No tengo nada en contra de las guaraperas. Pero sorprende cuando el paso del tiempo transforma los restos de un cine en una. Vaso de guarapo a peso. Envase reciclado, para que el sabor de una fila de personas no genere residuos que puedan dañar la naturaleza.
Son las 7:30 de la tarde, PM a cuestas. Y nacen ríos del impulso de los baldes de agua con costra de caramelo. Guarapo a cántaros. Dulce de fango medicinal, para hidratar los restos de acera mezclada con suelos de tierra.
"A mí me toca de la Guarapera al pasillo" -le grita la inspectora de Salud Pública a la que vende mosquitos. Dípteros de almíbar, criando larvas de sirope sobre el líquido con el que los dependientes friegan.

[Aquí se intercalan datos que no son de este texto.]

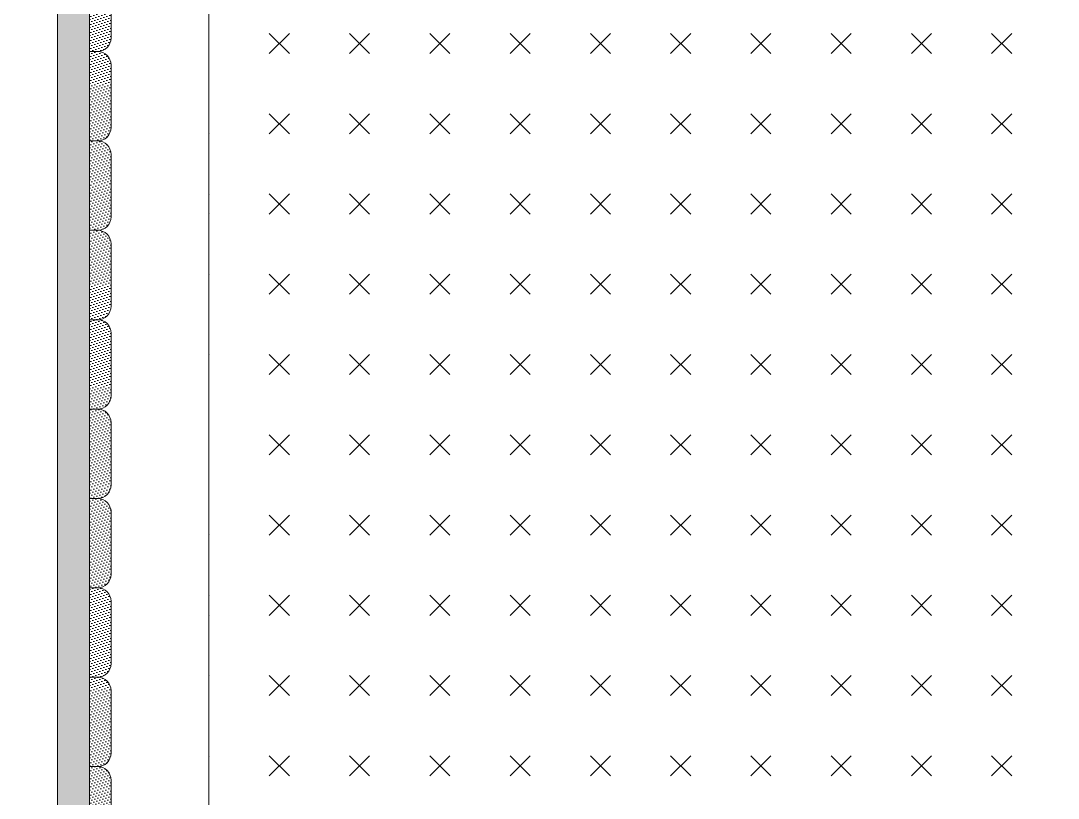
# Model space of a CAD drawing. Header units: millimetres. Extents: x 6676 to 14342, y 3639 to 5293.
# Drawn here: x 6981.9 to 7040, y 4723.4 to 4766.9 of the extents above; entities that cross this region are included whole.
import ezdxf

# ---------------------------------------------------------------- set-up
doc = ezdxf.new("R2010")
doc.units = ezdxf.units.MM
doc.layers.add('1 - bed panels', color=170, linetype='Continuous', lineweight=9)
doc.layers.add('1 - plaster', color=1, linetype='Continuous', lineweight=9)
doc.layers.add('A-dim-work', color=8, linetype='Continuous')
pattern_1 = [(135, (666.09273, -2021.59588), (-0.168379802, -0.056126601), [0, -0.15875])]

# ---------------------------------------------------------------- blocks, each defined once
blk = doc.blocks.new('nhyv')
at = {"layer": '1 - bed panels', "true_color": 0xc2c2c2}
h = blk.add_hatch(dxfattribs=at)
h.set_pattern_fill('CROSS', color=9, scale=0.5, angle=135)
h.set_pattern_definition([(135, (-268.083, -3.452), (-4.490128, 4e-16), [1.5875, -4.7625]), (225, (-268.083, -2.3296), (-4e-16, -4.490128), [1.5875, -4.7625])])
edge = h.paths.add_edge_path()
edge.add_line((59.654, 1298.726), (139.654, 1298.726))
edge.add_arc((139.654, 1293.726), 5, 0, 90, ccw=False)
edge.add_line((144.654, 1293.726), (144.654, 1103.726))
edge.add_arc((139.654, 1103.726), 5, -90, 0, ccw=False)
edge.add_line((139.654, 1098.726), (59.654, 1098.726))
edge.add_arc((59.654, 1103.726), 5, 180, 270, ccw=False)
edge.add_line((54.654, 1103.726), (54.654, 1293.726))
edge.add_arc((59.654, 1293.726), 5, 90, 180, ccw=False)
edge = h.paths.add_edge_path(flags=16)
edge.add_line((134.654, 1290.726), (134.654, 1261.726))
edge.add_arc((131.654, 1261.726), 3, -90, 0, ccw=False)
edge.add_line((131.654, 1258.726), (67.654, 1258.726))
edge.add_arc((67.654, 1261.726), 3, 180, 270, ccw=False)
edge.add_line((64.654, 1261.726), (64.654, 1290.726))
edge.add_arc((67.654, 1290.726), 3, 90, 180, ccw=False)
edge.add_line((67.654, 1293.726), (131.654, 1293.726))
edge.add_arc((131.654, 1290.726), 3, 0, 90, ccw=False)
at = {"layer": '1 - bed panels', "color": 9, "true_color": 0xc2c2c2}
blk.add_lwpolyline([(59.654, 1298.726), (139.654, 1298.726, -0.414214), (144.654, 1293.726), (144.654, 1103.726, -0.414214), (139.654, 1098.726), (59.654, 1098.726, -0.414214), (54.654, 1103.726), (54.654, 1293.726, -0.414214)], format="xyb", close=True, dxfattribs=at)
blk = doc.blocks.new('bed')
at = {"layer": '1 - bed panels', "true_color": 0x334acc}
h = blk.add_hatch(dxfattribs=at)
h.set_pattern_fill('DOTS', color=162, scale=0.1, angle=135, style=0)
h.set_pattern_definition(pattern_1)
edge = h.paths.add_edge_path()
edge.add_line((3, 84.949), (3, 88.449))
edge.add_arc((2.25, 88.449), 0.75, 0, 90)
edge.add_line((2.25, 89.199), (1.8, 89.199))
edge.add_line((1.8, 89.199), (1.8, 84.199))
edge.add_line((1.8, 84.199), (2.25, 84.199))
edge.add_arc((2.25, 84.949), 0.75, 270, 360)
h = blk.add_hatch(dxfattribs=at)
h.set_pattern_fill('DOTS', color=162, scale=0.1, angle=135, style=0)
h.set_pattern_definition(pattern_1)
edge = h.paths.add_edge_path()
edge.add_line((3, 79.949), (3, 83.449))
edge.add_arc((2.25, 83.449), 0.75, 0, 90)
edge.add_line((2.25, 84.199), (1.8, 84.199))
edge.add_line((1.8, 84.199), (1.8, 79.199))
edge.add_line((1.8, 79.199), (2.25, 79.199))
edge.add_arc((2.25, 79.949), 0.75, 270, 360)
h = blk.add_hatch(dxfattribs=at)
h.set_pattern_fill('DOTS', color=162, scale=0.1, angle=135, style=0)
h.set_pattern_definition(pattern_1)
edge = h.paths.add_edge_path()
edge.add_line((3, 74.949), (3, 78.449))
edge.add_arc((2.25, 78.449), 0.75, 0, 90)
edge.add_line((2.25, 79.199), (1.8, 79.199))
edge.add_line((1.8, 79.199), (1.8, 74.199))
edge.add_line((1.8, 74.199), (2.25, 74.199))
edge.add_arc((2.25, 74.949), 0.75, 270, 360)
h = blk.add_hatch(dxfattribs=at)
h.set_pattern_fill('DOTS', color=162, scale=0.1, angle=135, style=0)
h.set_pattern_definition(pattern_1)
edge = h.paths.add_edge_path()
edge.add_line((3, 69.949), (3, 73.449))
edge.add_arc((2.25, 73.449), 0.75, 0, 90)
edge.add_line((2.25, 74.199), (1.8, 74.199))
edge.add_line((1.8, 74.199), (1.8, 69.199))
edge.add_line((1.8, 69.199), (2.25, 69.199))
edge.add_arc((2.25, 69.949), 0.75, 270, 360)
h = blk.add_hatch(dxfattribs=at)
h.set_pattern_fill('DOTS', color=162, scale=0.1, angle=135, style=0)
h.set_pattern_definition(pattern_1)
edge = h.paths.add_edge_path()
edge.add_line((3, 64.949), (3, 68.449))
edge.add_arc((2.25, 68.449), 0.75, 0, 90)
edge.add_line((2.25, 69.199), (1.8, 69.199))
edge.add_line((1.8, 69.199), (1.8, 64.199))
edge.add_line((1.8, 64.199), (2.25, 64.199))
edge.add_arc((2.25, 64.949), 0.75, 270, 360)
h = blk.add_hatch(dxfattribs=at)
h.set_pattern_fill('DOTS', color=162, scale=0.1, angle=135, style=0)
h.set_pattern_definition(pattern_1)
edge = h.paths.add_edge_path()
edge.add_line((3, 59.949), (3, 63.449))
edge.add_arc((2.25, 63.449), 0.75, 0, 90)
edge.add_line((2.25, 64.199), (1.8, 64.199))
edge.add_line((1.8, 64.199), (1.8, 59.199))
edge.add_line((1.8, 59.199), (2.25, 59.199))
edge.add_arc((2.25, 59.949), 0.75, 270, 360)
h = blk.add_hatch(dxfattribs=at)
h.set_pattern_fill('DOTS', color=162, scale=0.1, angle=135, style=0)
h.set_pattern_definition(pattern_1)
edge = h.paths.add_edge_path()
edge.add_line((3, 54.949), (3, 58.449))
edge.add_arc((2.25, 58.449), 0.75, 0, 90)
edge.add_line((2.25, 59.199), (1.8, 59.199))
edge.add_line((1.8, 59.199), (1.8, 54.199))
edge.add_line((1.8, 54.199), (2.25, 54.199))
edge.add_arc((2.25, 54.949), 0.75, 270, 360)
h = blk.add_hatch(dxfattribs=at)
h.set_pattern_fill('DOTS', color=162, scale=0.1, angle=135, style=0)
h.set_pattern_definition(pattern_1)
edge = h.paths.add_edge_path()
edge.add_line((3, 49.949), (3, 53.449))
edge.add_arc((2.25, 53.449), 0.75, 0, 90)
edge.add_line((2.25, 54.199), (1.8, 54.199))
edge.add_line((1.8, 54.199), (1.8, 49.199))
edge.add_line((1.8, 49.199), (2.25, 49.199))
edge.add_arc((2.25, 49.949), 0.75, 270, 360)
h = blk.add_hatch(dxfattribs=at)
h.set_pattern_fill('DOTS', color=162, scale=0.1, angle=135, style=0)
h.set_pattern_definition(pattern_1)
edge = h.paths.add_edge_path()
edge.add_line((3, 44.949), (3, 48.449))
edge.add_arc((2.25, 48.449), 0.75, 0, 90)
edge.add_line((2.25, 49.199), (1.8, 49.199))
edge.add_line((1.8, 49.199), (1.8, 44.199))
edge.add_line((1.8, 44.199), (2.25, 44.199))
edge.add_arc((2.25, 44.949), 0.75, 270, 360)
h = blk.add_hatch(dxfattribs=at)
h.set_pattern_fill('DOTS', color=162, scale=0.1, angle=135, style=0)
h.set_pattern_definition(pattern_1)
edge = h.paths.add_edge_path()
edge.add_line((3, 39.949), (3, 43.449))
edge.add_arc((2.25, 43.449), 0.75, 0, 90)
edge.add_line((2.25, 44.199), (1.8, 44.199))
edge.add_line((1.8, 44.199), (1.8, 39.199))
edge.add_line((1.8, 39.199), (2.25, 39.199))
edge.add_arc((2.25, 39.949), 0.75, 270, 360)
at = {"layer": '1 - plaster', "true_color": 0xe0a352}
blk.add_hatch(color=33, dxfattribs=at).paths.add_polyline_path([(0, 9), (1.8, 9), (1.8, 220), (0, 220)])
at = {"layer": '1 - bed panels'}
for points in [[(3, 84.949), (3, 88.449, 0.414214), (2.25, 89.199), (1.8, 89.199), (1.8, 84.199), (2.25, 84.199, 0.414214)], [(3, 79.949), (3, 83.449, 0.414214), (2.25, 84.199), (1.8, 84.199), (1.8, 79.199), (2.25, 79.199, 0.414214)], [(3, 74.949), (3, 78.449, 0.414214), (2.25, 79.199), (1.8, 79.199), (1.8, 74.199), (2.25, 74.199, 0.414214)], [(3, 69.949), (3, 73.449, 0.414214), (2.25, 74.199), (1.8, 74.199), (1.8, 69.199), (2.25, 69.199, 0.414214)], [(3, 64.949), (3, 68.449, 0.414214), (2.25, 69.199), (1.8, 69.199), (1.8, 64.199), (2.25, 64.199, 0.414214)], [(3, 59.949), (3, 63.449, 0.414214), (2.25, 64.199), (1.8, 64.199), (1.8, 59.199), (2.25, 59.199, 0.414214)], [(3, 54.949), (3, 58.449, 0.414214), (2.25, 59.199), (1.8, 59.199), (1.8, 54.199), (2.25, 54.199, 0.414214)], [(3, 49.949), (3, 53.449, 0.414214), (2.25, 54.199), (1.8, 54.199), (1.8, 49.199), (2.25, 49.199, 0.414214)], [(3, 44.949), (3, 48.449, 0.414214), (2.25, 49.199), (1.8, 49.199), (1.8, 44.199), (2.25, 44.199, 0.414214)], [(3, 39.949), (3, 43.449, 0.414214), (2.25, 44.199), (1.8, 44.199), (1.8, 39.199), (2.25, 39.199, 0.414214)]]:
    blk.add_lwpolyline(points, format="xyb", close=True, dxfattribs=at)
at = {"layer": '1 - plaster'}
blk.add_lwpolyline([(1.8, 220), (0, 220), (0, 9), (1.8, 9), (1.8, 220)], dxfattribs=at)
blk = doc.blocks.new('det2')
at = {"layer": '1 - bed panels', "true_color": 0xc2c2c2}
h = blk.add_hatch(dxfattribs=at)
h.set_pattern_fill('LINE', color=9, scale=1.575, angle=-90)
h.set_pattern_definition([(270, (-7406.43, -5143.807), (5.000625, -2e-15), [])])
edge = h.paths.add_edge_path()
edge.add_arc((3.6604, 8.7615), 9.4954, 98.13188, 262.42821)
edge.add_line((2.4092, -0.6511), (2.3173, 18.1614))
edge = h.paths.add_edge_path()
edge.add_arc((-158.6989, -60.6017), 2, 360, 360.18959)
edge.add_line((-156.699, -60.5951), (-156.6989, -60.6017))

msp = doc.modelspace()

# ---------------------------------------------------------------- block references
msp.add_blockref('nhyv', (6937.794, 3600.752))
at = {"layer": 'A-dim-work'}
msp.add_blockref('bed', (6983.968, 4680.978), dxfattribs=at)
at = {"layer": 'A-dim-work', "xscale": 10, "yscale": 10, "zscale": 10}
msp.add_blockref('det2', (8242.848, 4669.852), dxfattribs=at)

doc.saveas('drawing.dxf')

Cae el quinto y último cubo de sudor sobre la noche. Seis gotas de agua. Séptimo arte e industria cinematográfica que podría haber hecho zafra. Clientes nocturnos, dejando una estela de tizne detrás de sus autos. Largo por ancho por altura. Humo de tres dimensiones. Acumulando humedad, para en la mañana siguiente caer en forma de rocío sobre los vasos de cristal fermentado.
Sale el Sol. Y el arte de preparar guarapo comienza a atraer clientes. Los de suspenso: que no se sabe si terminarán de contar de centavo en centavo, hasta escabullirse entre la multitud sedienta sin pagar un peso. Los de terror: que vacían el vaso con la mitad de la lengua para retirar la raspa de azúcar del borde del vidrio grasiento. Los de comedia: hilarantes de tanto hidrato de carbono; secuencia de imágenes en movimiento. Y los musicales: cuyos cuerpos tiemblan al ritmo del reggaetón con melaza que sacude periódicamente el cuerpo.
El guarapo huele a lo que sabe. Duele a lo que sabe. Hasta que te embriaga bajo la alucinación de estar sentado frente a una pantalla de cine, disfrutando de un guarapón con azúcar gaseada y rositas tridimensionales, de las que explotan cuando la resaca aparece en los créditos.